**TO DO**:
When the line containing "cam_auto = bpy.data.cameras.new('AutoCamera')" appears in the entries below, begin printing there and stop after the line containing "scene.collection.objects.link(ob_auto_camera)"; print each of those lines exactly and no other line.

[Opening LISTED RECORDS section]

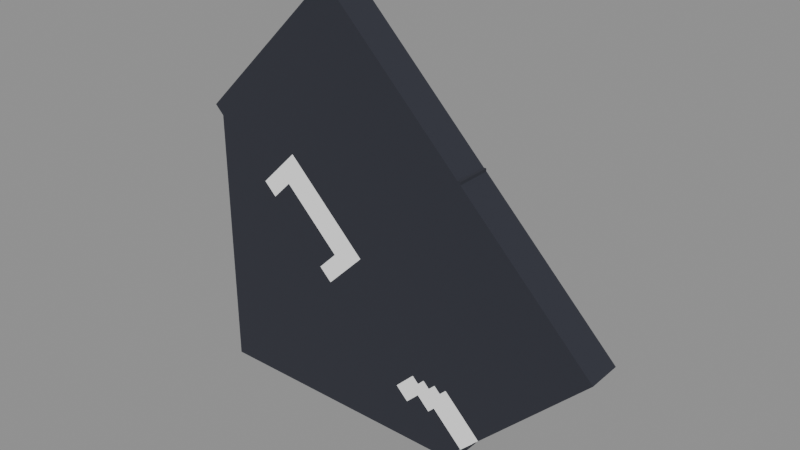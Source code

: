 # Source: Structures_Roofs_Board_Edge_Bottom_R.blend  (saved by Blender 5.0.119; exported with 4.5.12 LTS)
import bpy
from mathutils import Matrix  # noqa: F401  (used for matrix-valued properties, if any)

bpy.ops.wm.read_factory_settings(use_empty=True)
scene = bpy.context.scene
scene.name = 'Scene'

# ---- collections
col_widgets = bpy.data.collections.new('Widgets'); scene.collection.children.link(col_widgets)
col_widgets.hide_viewport = True

# ---- images (referenced by path relative to the original .blend; pixels are not part of the script)
import os
ASSET_DIR = os.environ.get("B2B_ASSET_DIR", "")  # directory of the original .blend (textures are referenced by path, not embedded)
HERE = os.path.dirname(os.path.abspath(__file__))  # packed textures are extracted next to this script under _unpacked/

def load_image(name, relpath, width, height, colorspace="sRGB"):
    """Load a texture the original file referenced (path relative to the .blend, or extracted next to this script)."""
    p = next((c for c in (os.path.join(HERE, relpath), os.path.join(ASSET_DIR, relpath)) if relpath and os.path.exists(c)), "")
    if p:
        img = bpy.data.images.load(p, check_existing=True)
        img.name = name
    else:  # same state as the original file: an image datablock whose file is absent (Cycles renders it pink)
        img = bpy.data.images.new(name, width, height)
        img.source = "FILE"
        img.filepath = "//" + (relpath or name)
    img.colorspace_settings.name = colorspace
    return img
img_image_0 = load_image('Image_0', '_unpacked/Image_0.2d4b6215.png', 1024, 1024, 'sRGB')

# ---- materials (node trees are filled in below, after node groups)
mat_material_0 = bpy.data.materials.new('Material_0')

# ---- material node trees
mat_material_0.use_nodes = True; mat_material_0.node_tree.nodes.clear()
_N = mat_material_0.node_tree.nodes; _L = mat_material_0.node_tree.links
n0 = _N.new('ShaderNodeBsdfPrincipled'); n0.name = 'Principled BSDF'; n0.location = (10, 300)
n0.inputs[2].default_value = 1.0
n1 = _N.new('ShaderNodeOutputMaterial'); n1.name = 'Material Output'; n1.location = (300, 300)
n2 = _N.new('NodeFrame'); n2.name = 'Frame'; n2.location = (0, 0)
n2.label = 'Alpha Clip'
n2.width = 150
n3 = _N.new('ShaderNodeMath'); n3.name = 'Math'; n3.location = (-340, -20)
n3.operation = 'SUBTRACT'
n3.inputs[0].default_value = 1.0
n4 = _N.new('ShaderNodeMath'); n4.name = 'Math.001'; n4.location = (-540, -20)
n4.operation = 'LESS_THAN'
n4.inputs[1].default_value = 0.05
n5 = _N.new('ShaderNodeTexImage'); n5.name = 'Image Texture'; n5.location = (-840, 210)
n5.label = 'BASE COLOR'
n5.image = img_image_0
n5.interpolation = 'Closest'
n5.extension = 'EXTEND'
n3.parent = n2
n4.parent = n2
_L.new(n0.outputs[0], n1.inputs[0])
_L.new(n3.outputs[0], n0.inputs[4])
_L.new(n4.outputs[0], n3.inputs[1])
_L.new(n5.outputs[0], n0.inputs[0])
_L.new(n5.outputs[1], n4.inputs[0])
n1.is_active_output = True

# ---- meshes
me_mesh_0 = bpy.data.meshes.new('Mesh_0')
me_mesh_0.from_pydata([(0.125, -1.01, 1.01), (0.125, 1.01, 1.01), (0.125, -1.01, -1.01), (0.125, 1.01, -1.01), (-0.125, 1.01, 1.01), (-0.125, -1.01, 1.01), (-0.125, 1.01, -1.01), (-0.125, -1.01, -1.01), (-0.125, 1.01, 1.01), (0.125, 1.01, 1.01), (-0.125, -1.01, 1.01), (0.125, -1.01, 1.01), (-0.125, -1.01, -1.01), (0.125, -1.01, -1.01), (-0.125, 1.01, -1.01), (0.125, 1.01, -1.01), (-0.125, -1.01, 1.01), (0.125, -1.01, 1.01), (-0.125, -1.01, -1.01), (0.125, -1.01, -1.01), (0.125, 1.01, 1.01), (-0.125, 1.01, 1.01), (0.125, 1.01, -1.01), (-0.125, 1.01, -1.01), (-0.125, 1.975, -0.02478), (-0.125, 0.9299, 1.02), (-0.13, -0.0239, -2.023), (-0.13, -1.069, -0.9785), (0.13, 0.9295, 1.02), (0.13, 1.974, -0.0251), (0.125, -1.069, -0.9788), (0.125, -0.02421, -2.024), (0.13, 0.9295, 1.02), (-0.125, 0.9299, 1.02), (0.13, 1.974, -0.0251), (-0.125, 1.975, -0.02478), (0.125, -0.02421, -2.024), (-0.13, -0.0239, -2.023), (0.125, -1.069, -0.9788), (-0.13, -1.069, -0.9785), (0.13, 1.974, -0.0251), (-0.125, 1.975, -0.02478), (0.125, -0.02421, -2.024), (-0.13, -0.0239, -2.023), (-0.125, 0.9299, 1.02), (0.13, 0.9295, 1.02), (-0.13, -1.069, -0.9785), (0.125, -1.069, -0.9788)], [], [(0, 2, 1), (2, 3, 1), (4, 6, 5), (6, 7, 5), (8, 10, 9), (10, 11, 9), (12, 14, 13), (14, 15, 13), (16, 18, 17), (18, 19, 17), (20, 22, 21), (22, 23, 21), (24, 26, 25), (26, 27, 25), (28, 30, 29), (30, 31, 29), (32, 34, 33), (34, 35, 33), (36, 38, 37), (38, 39, 37), (40, 42, 41), (42, 43, 41), (44, 46, 45), (46, 47, 45)])
_uv = me_mesh_0.uv_layers.new(name='UVMap')
_uv.uv.foreach_set('vector', [0.03125, 0.9062, 0.0, 0.9062, 0.03125, 0.875, 0.0, 0.9062, 0.0, 0.875, 0.03125, 0.875, 0.0, 0.9062, 0.0, 0.875, 0.03125, 0.9062, 0.0, 0.875, 0.03125, 0.875, 0.03125, 0.9062, 0.02734, 0.958, 0.02734, 0.9268, 0.03125, 0.958, 0.02734, 0.9268, 0.03125, 0.9268, 0.03125, 0.958, 0.02734, 0.999, 0.02734, 0.9678, 0.03125, 0.999, 0.02734, 0.9678, 0.03125, 0.9678, 0.03125, 0.999, 0.02734, 0.9268, 0.02734, 0.958, 0.03125, 0.9268, 0.02734, 0.958, 0.03125, 0.958, 0.03125, 0.9268, 0.02734, 0.9971, 0.02734, 0.9658, 0.03125, 0.9971, 0.02734, 0.9658, 0.03125, 0.9658, 0.03125, 0.9971, 0.0, 0.9551, 0.0, 0.9111, 0.02246, 0.9551, 0.0, 0.9111, 0.02246, 0.9111, 0.02246, 0.9551, 0.02246, 0.9551, 0.02246, 0.9111, 0.0, 0.9551, 0.02246, 0.9111, 0.0, 0.9111, 0.0, 0.9551, 0.0, 1.0, 0.0, 1.0, 0.0, 1.0, 0.0, 1.0, 0.0, 1.0, 0.0, 1.0, 0.0, 1.0, 0.0, 1.0, 0.0, 1.0, 0.0, 1.0, 0.0, 1.0, 0.0, 1.0, 0.0, 1.0, 0.0, 1.0, 0.0, 1.0, 0.0, 1.0, 0.0, 1.0, 0.0, 1.0, 0.02734, 1.0, 0.02734, 0.9561, 0.03125, 1.0, 0.02734, 0.9561, 0.03125, 0.9561, 0.03125, 1.0])
me_mesh_0.materials.append(mat_material_0)
me_mesh_0.update()
me_mesh_0.normals_split_custom_set([tuple(v) for v in zip(*[iter([1.0, -2.922e-08, 0.0, 1.0, -2.922e-08, 0.0, 1.0, -2.922e-08, 0.0, 1.0, -4.382e-08, 0.0, 1.0, -4.382e-08, 0.0, 1.0, -4.382e-08, 0.0, -1.0, 2.922e-08, 0.0, -1.0, 2.922e-08, 0.0, -1.0, 2.922e-08, 0.0, -1.0, 4.382e-08, 0.0, -1.0, 4.382e-08, 0.0, -1.0, 4.382e-08, 0.0, 0.0, 0.0, 1.0, 0.0, 0.0, 1.0, 0.0, 0.0, 1.0, 0.0, 0.0, 1.0, 0.0, 0.0, 1.0, 0.0, 0.0, 1.0, 0.0, 0.0, -1.0, 0.0, 0.0, -1.0, 0.0, 0.0, -1.0, 0.0, 0.0, -1.0, 0.0, 0.0, -1.0, 0.0, 0.0, -1.0, 0.0, -1.0, 0.0, 0.0, -1.0, 0.0, 0.0, -1.0, 0.0, 0.0, -1.0, 0.0, 0.0, -1.0, 0.0, 0.0, -1.0, 0.0, 0.0, 1.0, 0.0, 0.0, 1.0, 0.0, 0.0, 1.0, 0.0, 0.0, 1.0, 0.0, 0.0, 1.0, 0.0, 0.0, 1.0, 0.0, -1.0, 0.001239, 0.001239, -1.0, 0.001239, 0.001239, -1.0, 0.001239, 0.001239, -1.0, 0.001239, 0.001239, -1.0, 0.001239, 0.001239, -1.0, 0.001239, 0.001239, 1.0, -0.001239, -0.001239, 1.0, -0.001239, -0.001239, 1.0, -0.001239, -0.001239, 1.0, -0.001239, -0.001239, 1.0, -0.001239, -0.001239, 1.0, -0.001239, -0.001239, 0.001752, 0.7071, 0.7071, 0.001752, 0.7071, 0.7071, 0.001752, 0.7071, 0.7071, 0.001752, 0.7071, 0.7071, 0.001752, 0.7071, 0.7071, 0.001752, 0.7071, 0.7071, -0.001753, -0.7071, -0.7071, -0.001753, -0.7071, -0.7071, -0.001753, -0.7071, -0.7071, -0.001753, -0.7071, -0.7071, -0.001753, -0.7071, -0.7071, -0.001753, -0.7071, -0.7071, 0.0, 0.7071, -0.7071, 0.0, 0.7071, -0.7071, 0.0, 0.7071, -0.7071, 6.616e-07, 0.7071, -0.7071, 6.616e-07, 0.7071, -0.7071, 6.616e-07, 0.7071, -0.7071, -1.654e-07, -0.7071, 0.7071, -1.654e-07, -0.7071, 0.7071, -1.654e-07, -0.7071, 0.7071, 1.034e-08, -0.7071, 0.7071, 1.034e-08, -0.7071, 0.7071, 1.034e-08, -0.7071, 0.7071])] * 3)])
me_plane = bpy.data.meshes.new('Plane')
me_plane.from_pydata([(-1.0, -6.123e-17, -1.0), (1.0, -6.123e-17, -1.0), (-1.0, 6.123e-17, 1.0), (1.0, 6.123e-17, 1.0)], [], [(0, 1, 3, 2)])
_uv = me_plane.uv_layers.new(name='UVMap')
_uv.uv.foreach_set('vector', [0.0, 0.0, 1.0, 0.0, 1.0, 1.0, 0.0, 1.0])
me_plane.update()
me_cube = bpy.data.meshes.new('Cube')
me_cube.from_pydata([(-1.975, -0.786, -2.21), (-1.975, -0.786, 0.1255), (-1.975, 1.542, -2.21), (-1.975, 1.542, 0.1255), (1.071, -0.786, -2.21), (1.071, -0.786, 0.1255), (1.071, 1.542, -2.21), (1.071, 1.542, 0.1255)], [], [(0, 1, 3, 2), (2, 3, 7, 6), (6, 7, 5, 4), (4, 5, 1, 0), (2, 6, 4, 0), (7, 3, 1, 5)])
_uv = me_cube.uv_layers.new(name='UVMap')
_uv.uv.foreach_set('vector', [0.375, 0.0, 0.625, 0.0, 0.625, 0.25, 0.375, 0.25, 0.375, 0.25, 0.625, 0.25, 0.625, 0.5, 0.375, 0.5, 0.375, 0.5, 0.625, 0.5, 0.625, 0.75, 0.375, 0.75, 0.375, 0.75, 0.625, 0.75, 0.625, 1.0, 0.375, 1.0, 0.125, 0.5, 0.375, 0.5, 0.375, 0.75, 0.125, 0.75, 0.625, 0.5, 0.875, 0.5, 0.875, 0.75, 0.625, 0.75])
me_cube.update()
arm_armature = bpy.data.armatures.new('Armature')  # bones are not reproduced

# ---- objects
ob_cache_block = bpy.data.objects.new('Cache_block', arm_armature)
ob_mesh_0 = bpy.data.objects.new('Mesh_0', me_mesh_0)
ob_wgt_cache_block = bpy.data.objects.new('WGT-Cache_block', me_plane)
ob_wgt_wood_test3 = bpy.data.objects.new('WGT-wood_test3', me_cube)

# ---- transforms, parenting, visibility, modifiers, constraints
ob_cache_block.location = (0.0, 1.05, 1.0)
ob_cache_block.rotation_mode = 'QUATERNION'
ob_cache_block.rotation_quaternion = (4.33e-17, 0.7071, 0.7071, 4.33e-17)
ob_cache_block.show_in_front = True
ob_mesh_0.parent = ob_cache_block
ob_mesh_0.location = (0.0, 0.0, 0.0)
ob_mesh_0.rotation_mode = 'QUATERNION'
ob_mesh_0.rotation_quaternion = (1.0, 0.0, 0.0, 0.0)
_vg = ob_mesh_0.vertex_groups.new(name='Cache_block')
_vg.add([0, 1, 2, 3, 4, 5, 6, 7, 8, 9, 10, 11, 12, 13, 14, 15, 16, 17, 18, 19, 20, 21, 22, 23], 1.0, 'REPLACE')
_vg = ob_mesh_0.vertex_groups.new(name='wood_test3')
_vg.add([24, 25, 26, 27, 28, 29, 30, 31, 32, 33, 34, 35, 36, 37, 38, 39, 40, 41, 42, 43, 44, 45, 46, 47], 1.0, 'REPLACE')
_m = ob_mesh_0.modifiers.new('Armature', 'ARMATURE')
_m.object = ob_cache_block
ob_wgt_cache_block.location = (0.0, 0.0, 0.0)
ob_wgt_cache_block.hide_render = True
ob_wgt_wood_test3.location = (0.0, 0.0, 0.0)
ob_wgt_wood_test3.hide_render = True

# ---- collection membership
scene.collection.objects.link(ob_cache_block)
scene.collection.objects.link(ob_mesh_0)
col_widgets.objects.link(ob_wgt_cache_block)
col_widgets.objects.link(ob_wgt_wood_test3)

# ---- scene / render settings (as saved in the file)
scene.frame_start = 1; scene.frame_end = 250; scene.frame_set(1)
scene.render.engine = 'BLENDER_EEVEE_NEXT'
scene.render.bake_bias = 0.0
scene.render.bake_samples = 0
scene.cycles.sampling_pattern = 'TABULATED_SOBOL'
scene.eevee.use_volume_custom_range = False
bpy.context.view_layer.update()

# ---- added for rendering (the .blend has no active camera and no usable light): camera, sun + grey world if the file has none
cam_auto = bpy.data.cameras.new('AutoCamera')
cam_auto.lens = 50.0
cam_auto.sensor_width = 36.0
cam_auto.clip_end = 1000.0
ob_auto_camera = bpy.data.objects.new('AutoCamera', cam_auto)
scene.collection.objects.link(ob_auto_camera)
ob_auto_camera.location = (4.44294, -3.73817, 4.69391)
ob_auto_camera.rotation_euler = (1.09748, -7.21219e-08, 0.694738)
scene.camera = ob_auto_camera
light_auto_sun = bpy.data.lights.new('AutoSun', 'SUN')
light_auto_sun.energy = 3.0
light_auto_sun.angle = 0.0523599
ob_auto_sun = bpy.data.objects.new('AutoSun', light_auto_sun)
scene.collection.objects.link(ob_auto_sun)
ob_auto_sun.rotation_euler = (0.872665, 0.174533, 0.523599)
if scene.world is None:
    world_auto = bpy.data.worlds.new('AutoWorld')
    world_auto.color = (0.3, 0.3, 0.3)
    scene.world = world_auto
bpy.context.view_layer.update()

[Closing LISTED RECORDS section]

**SOLUTION TO THIS TASK**:
cam_auto = bpy.data.cameras.new('AutoCamera')
cam_auto.lens = 50.0
cam_auto.sensor_width = 36.0
cam_auto.clip_end = 1000.0
ob_auto_camera = bpy.data.objects.new('AutoCamera', cam_auto)
scene.collection.objects.link(ob_auto_camera)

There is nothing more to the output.